* [DESCRIPTION OF THE TASK] All records, exactly as written, minus the pictures: copy them out.

* [DATA EXCERPTS]
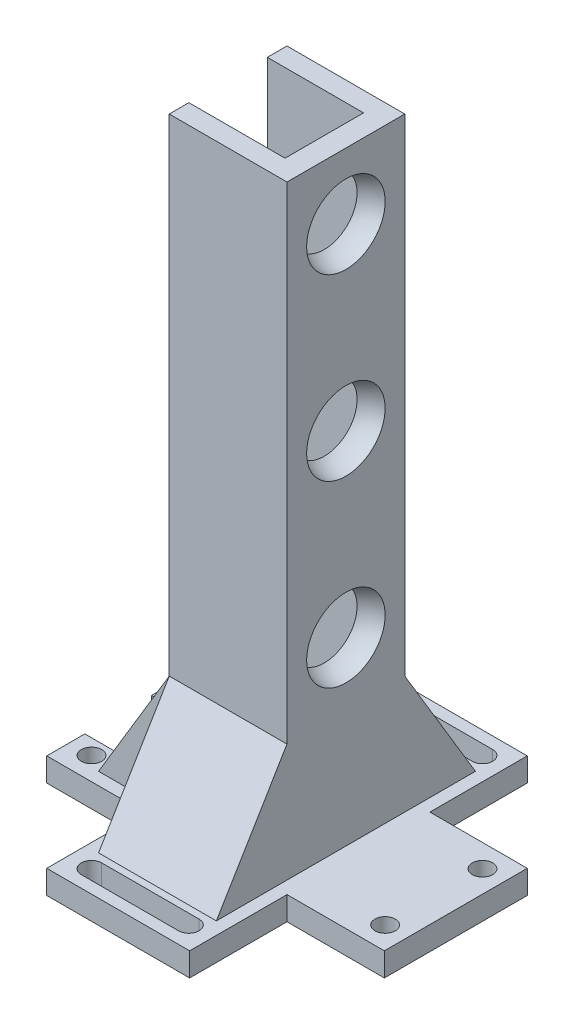
SolidWorks part; units mm, degrees
ref_plane "前视基准面" through (0, 0, 0) normal (0, 0, 1) x (1, 0, 0)
ref_plane "上视基准面" through (0, 0, 0) normal (0, 1, 0) x (1, 0, 0)
ref_plane "右视基准面" through (0, 0, 0) normal (1, 0, 0) x (0, 0, -1)
other "Configuration Table"
sketch "草图1" plane through (0, 0, 0) normal (0, 1, 0) x (1, 0, 0)
  line L1 (-43, 43) -> (43, 43)
  line L2 (-43, 43) -> (-43, -43)
  line L3 (-43, -43) -> (43, -43)
  line L4 (43, 43) -> (43, -43)
  line L5 (-43, 43) -> (43, -43) construction
  line L6 (-43, -43) -> (43, 43) construction
  point P0 (0, 0)
  dimension "D1" = 86
  dimension "D2" = 86
extrude "凸台-拉伸1" add sketch "草图1" along normal blind 6
sketch "草图2" plane through (0, 0, 0) normal (0, 1, 0) x (1, 0, 0)
  line L1 (-15, 15) -> (15, 15)
  line L2 (-15, 15) -> (-15, -15)
  line L3 (-15, -15) -> (15, -15)
  line L4 (15, 15) -> (15, -15)
  line L5 (-15, 15) -> (15, -15) construction
  line L6 (-15, -15) -> (15, 15) construction
  point P0 (0, 0)
  dimension "D1" = 30
  dimension "D2" = 30
extrude "凸台-拉伸2" add sketch "草图2" along normal blind 160
sketch "草图7" plane through (0, 0, 0) normal (0, 0, 1) x (1, 0, 0)
  line L0 (-15, 36) -> (-33, 6)
  line L1 (-15, 160) -> (-15, 6) construction
  line L2 (-43, 6) -> (43, 6) construction
  line L3 (-33, 6) -> (-15, 6)
  line L4 (-15, 6) -> (-15, 36)
  dimension "D1" = 18
  dimension "D2" = 30
extrude "凸台-拉伸3" add sketch "草图7" along normal up to surface and the other way up to surface up to face at (0, 83, 15) other way up to face at (0, 83, -15)
sketch "草图8" plane through (0, 0, 0) normal (0, 1, 0) x (1, 0, 0)
  line L0 (43, 43) -> (-43, 43) construction
  line L1 (-43, 43) -> (-43, -43) construction
  circle A0 centre (-12.4, 37.4) radius 2.6
  dimension "D2" = 5.2
  dimension "D1" = 5.6
  dimension "D3" = 30.6
extrude "切除-拉伸2" cut sketch "草图8" along normal up to surface (6 mm away) up to face at (0, 6, 0)
mirror "镜向2" about plane through (0, 0, 0) normal (0, 0, 1) of "切除-拉伸2"
sketch "草图11" plane through (0, 0, 0) normal (0, 1, 0) x (1, 0, 0)
  line L12 (43, -18.2) -> (18.2, -18.2)
  line L14 (43, -43) -> (43, 43) construction
  line L16 (18.2, -18.2) -> (18.2, -43)
  line L17 (-43, -43) -> (43, -43) construction
  dimension "D1" = 24.8
  dimension "D2" = 24.8
extrude "切除-拉伸3" cut sketch "草图11" along normal up to surface (5 mm away)
sketch "草图12" plane through (0, 0, 0) normal (0, 0, 1) x (1, 0, 0)
  line L0 (15, 160) -> (15, 6) construction
  line L1 (15, 62) -> (15, 42)
  line L2 (-43, 0) -> (18.2, 0) construction
  arc A0 (15, 62) -> (15, 42) centre (15, 52) ccw
  dimension "D1" = 10
  dimension "D2" = 52
revolve "切除-旋转2" cut sketch "草图12" angle 360 about L1
pattern_linear "阵列(线性)1" count 3 spacing 45.6 along (0, 1, 0) of "切除-旋转2"
mirror "镜向6" about plane through (0, 0, 0) normal (0, 0, 1) of "切除-拉伸3"
mirror "镜向7" about plane through (0, 0, 0) normal (1, 0, 0) of "镜向6", "切除-拉伸3"
mirror "镜向8" about plane through (0, 0, 0) normal (1, 0, 0) of "镜向2", "切除-拉伸2"
pattern_circular "阵列(圆周)1" count 2 every 90 of "切除-拉伸2"
mirror "镜向9" about plane through (0, 0, 0) normal (0, 0, 1) of "阵列(圆周)1"
mirror "镜向10" about plane through (0, 0, 0) normal (1, 0, 0) of "镜向9", "阵列(圆周)1"
sketch "草图15" plane through (0, 0, 0) normal (1, 0, 0) x (0, 0, -1)
  line L7 (-15, 160) -> (-15, 6) construction
  line L8 (-15, 36) -> (-15, 6)
  line L9 (-15, 6) -> (-33, 6)
  line L10 (-18.2, 6) -> (-43, 6) construction
  line L11 (-33, 6) -> (-15, 36)
  dimension "D1" = 18
  dimension "D2" = 30
extrude "凸台-拉伸4" add sketch "草图15" along normal blind 15 and the other way blind 15
mirror "镜向11" about plane through (0, 0, 0) normal (0, 0, 1) of "凸台-拉伸4"
sketch "草图17" plane through (0, 0, 0) normal (1, 0, 0) x (0, 0, -1)
  line L0 (-15, 160) -> (-15, 36) construction
  line L1 (10, 160) -> (-10, 160)
  line L2 (10, 160) -> (10, 6)
  line L3 (10, 6) -> (-10, 6)
  line L4 (-10, 160) -> (-10, 6)
  line L5 (15, 160) -> (15, 36) construction
  line L6 (33, 6) -> (-33, 6) construction
  line L7 (-15, 160) -> (15, 160) construction
  line L8 (-18.2, 0) -> (18.2, 0) construction
  dimension "D1" = 20
  dimension "D2" = 5
  dimension "D3" = 5
  dimension "D4" = 0
  dimension "D5" = 0
  dimension "D6" = 154
  dimension "D7" = 6
extrude "切除-拉伸4" cut sketch "草图17" against normal through all and the other way blind 9.5
sketch "草图19" plane through (0, 0, 0) normal (0, 1, 0) x (1, 0, 0)
  line L0 (-12.4, 40) -> (12.4, 40)
  line L1 (12.4, 40) -> (12.4, 34.8)
  line L2 (12.4, 34.8) -> (-12.4, 34.8)
  line L3 (-12.4, 34.8) -> (-12.4, 40)
  circle A0 centre (-12.4, 37.4) radius 2.6 construction
  circle A1 centre (12.4, 37.4) radius 2.6 construction
extrude "切除-拉伸6" cut sketch "草图19" along normal through all
mirror "镜向12" about plane through (0, 0, 0) normal (0, 0, 1) of "切除-拉伸6"
sketch "草图21" plane through (0, 0, 0) normal (1, 0, 0) x (0, 0, -1)
  line L0 (-8.5, 6) -> (8.5, 6)
  line L1 (33, 6) -> (-33, 6) construction
  line L2 (8.5, 6) -> (8.5, 0)
  line L3 (-18.2, 0) -> (18.2, 0) construction
  line L4 (8.5, 0) -> (-8.5, 0)
  line L5 (-8.5, 0) -> (-8.5, 6)
  line L6 (-15, 160) -> (-15, 36) construction
  line L7 (15, 160) -> (15, 36) construction
  dimension "D1" = 17
  dimension "D2" = 6.5
  dimension "D3" = 6.5
extrude "切除-拉伸8" cut sketch "草图21" against normal through all and the other way blind 9.5

* [EXPECTED ANSWER]
SolidWorks part; units mm, degrees
ref_plane "前视基准面" through (0, 0, 0) normal (0, 0, 1) x (1, 0, 0)
ref_plane "上视基准面" through (0, 0, 0) normal (0, 1, 0) x (1, 0, 0)
ref_plane "右视基准面" through (0, 0, 0) normal (1, 0, 0) x (0, 0, -1)
other "Configuration Table"
sketch "草图1" plane through (0, 0, 0) normal (0, 1, 0) x (1, 0, 0)
  line L1 (-43, 43) -> (43, 43)
  line L2 (-43, 43) -> (-43, -43)
  line L3 (-43, -43) -> (43, -43)
  line L4 (43, 43) -> (43, -43)
  line L5 (-43, 43) -> (43, -43) construction
  line L6 (-43, -43) -> (43, 43) construction
  point P0 (0, 0)
  dimension "D1" = 86
  dimension "D2" = 86
extrude "凸台-拉伸1" add sketch "草图1" along normal blind 6
sketch "草图2" plane through (0, 0, 0) normal (0, 1, 0) x (1, 0, 0)
  line L1 (-15, 15) -> (15, 15)
  line L2 (-15, 15) -> (-15, -15)
  line L3 (-15, -15) -> (15, -15)
  line L4 (15, 15) -> (15, -15)
  line L5 (-15, 15) -> (15, -15) construction
  line L6 (-15, -15) -> (15, 15) construction
  point P0 (0, 0)
  dimension "D1" = 30
  dimension "D2" = 30
extrude "凸台-拉伸2" add sketch "草图2" along normal blind 160
sketch "草图7" plane through (0, 0, 0) normal (0, 0, 1) x (1, 0, 0)
  line L0 (-15, 36) -> (-33, 6)
  line L1 (-15, 160) -> (-15, 6) construction
  line L2 (-43, 6) -> (43, 6) construction
  line L3 (-33, 6) -> (-15, 6)
  line L4 (-15, 6) -> (-15, 36)
  dimension "D1" = 18
  dimension "D2" = 30
extrude "凸台-拉伸3" add sketch "草图7" along normal up to surface and the other way up to surface up to face at (0, 83, 15) other way up to face at (0, 83, -15)
sketch "草图8" plane through (0, 0, 0) normal (0, 1, 0) x (1, 0, 0)
  line L0 (43, 43) -> (-43, 43) construction
  line L1 (-43, 43) -> (-43, -43) construction
  circle A0 centre (-12.4, 37.4) radius 2.6
  dimension "D2" = 5.2
  dimension "D1" = 5.6
  dimension "D3" = 30.6
extrude "切除-拉伸2" cut sketch "草图8" along normal up to surface (6 mm away) up to face at (0, 6, 0)
mirror "镜向2" about plane through (0, 0, 0) normal (0, 0, 1) of "切除-拉伸2"
sketch "草图11" plane through (0, 0, 0) normal (0, 1, 0) x (1, 0, 0)
  line L12 (43, -18.2) -> (18.2, -18.2)
  line L14 (43, -43) -> (43, 43) construction
  line L16 (18.2, -18.2) -> (18.2, -43)
  line L17 (-43, -43) -> (43, -43) construction
  dimension "D1" = 24.8
  dimension "D2" = 24.8
extrude "切除-拉伸3" cut sketch "草图11" along normal up to surface (5 mm away)
sketch "草图12" plane through (0, 0, 0) normal (0, 0, 1) x (1, 0, 0)
  line L0 (15, 160) -> (15, 6) construction
  line L1 (15, 62) -> (15, 42)
  line L2 (-43, 0) -> (18.2, 0) construction
  arc A0 (15, 62) -> (15, 42) centre (15, 52) ccw
  dimension "D1" = 10
  dimension "D2" = 52
revolve "切除-旋转2" cut sketch "草图12" angle 360 about L1
pattern_linear "阵列(线性)1" count 3 spacing 45.6 along (0, 1, 0) of "切除-旋转2"
mirror "镜向6" about plane through (0, 0, 0) normal (0, 0, 1) of "切除-拉伸3"
mirror "镜向7" about plane through (0, 0, 0) normal (1, 0, 0) of "镜向6", "切除-拉伸3"
mirror "镜向8" about plane through (0, 0, 0) normal (1, 0, 0) of "镜向2", "切除-拉伸2"
pattern_circular "阵列(圆周)1" count 2 every 90 of "切除-拉伸2"
mirror "镜向9" about plane through (0, 0, 0) normal (0, 0, 1) of "阵列(圆周)1"
mirror "镜向10" about plane through (0, 0, 0) normal (1, 0, 0) of "镜向9", "阵列(圆周)1"
sketch "草图15" plane through (0, 0, 0) normal (1, 0, 0) x (0, 0, -1)
  line L7 (-15, 160) -> (-15, 6) construction
  line L8 (-15, 36) -> (-15, 6)
  line L9 (-15, 6) -> (-33, 6)
  line L10 (-18.2, 6) -> (-43, 6) construction
  line L11 (-33, 6) -> (-15, 36)
  dimension "D1" = 18
  dimension "D2" = 30
extrude "凸台-拉伸4" add sketch "草图15" along normal blind 15 and the other way blind 15
mirror "镜向11" about plane through (0, 0, 0) normal (0, 0, 1) of "凸台-拉伸4"
sketch "草图17" plane through (0, 0, 0) normal (1, 0, 0) x (0, 0, -1)
  line L0 (-15, 160) -> (-15, 36) construction
  line L1 (10, 160) -> (-10, 160)
  line L2 (10, 160) -> (10, 6)
  line L3 (10, 6) -> (-10, 6)
  line L4 (-10, 160) -> (-10, 6)
  line L5 (15, 160) -> (15, 36) construction
  line L6 (33, 6) -> (-33, 6) construction
  line L7 (-15, 160) -> (15, 160) construction
  line L8 (-18.2, 0) -> (18.2, 0) construction
  dimension "D1" = 20
  dimension "D2" = 5
  dimension "D3" = 5
  dimension "D4" = 0
  dimension "D5" = 0
  dimension "D6" = 154
  dimension "D7" = 6
extrude "切除-拉伸4" cut sketch "草图17" against normal through all and the other way blind 9.5
sketch "草图19" plane through (0, 0, 0) normal (0, 1, 0) x (1, 0, 0)
  line L0 (-12.4, 40) -> (12.4, 40)
  line L1 (12.4, 40) -> (12.4, 34.8)
  line L2 (12.4, 34.8) -> (-12.4, 34.8)
  line L3 (-12.4, 34.8) -> (-12.4, 40)
  circle A0 centre (-12.4, 37.4) radius 2.6 construction
  circle A1 centre (12.4, 37.4) radius 2.6 construction
extrude "切除-拉伸6" cut sketch "草图19" along normal through all
mirror "镜向12" about plane through (0, 0, 0) normal (0, 0, 1) of "切除-拉伸6"
sketch "草图21" plane through (0, 0, 0) normal (1, 0, 0) x (0, 0, -1)
  line L0 (-8.5, 6) -> (8.5, 6)
  line L1 (33, 6) -> (-33, 6) construction
  line L2 (8.5, 6) -> (8.5, 0)
  line L3 (-18.2, 0) -> (18.2, 0) construction
  line L4 (8.5, 0) -> (-8.5, 0)
  line L5 (-8.5, 0) -> (-8.5, 6)
  line L6 (-15, 160) -> (-15, 36) construction
  line L7 (15, 160) -> (15, 36) construction
  dimension "D1" = 17
  dimension "D2" = 6.5
  dimension "D3" = 6.5
extrude "切除-拉伸8" cut sketch "草图21" against normal through all and the other way blind 9.5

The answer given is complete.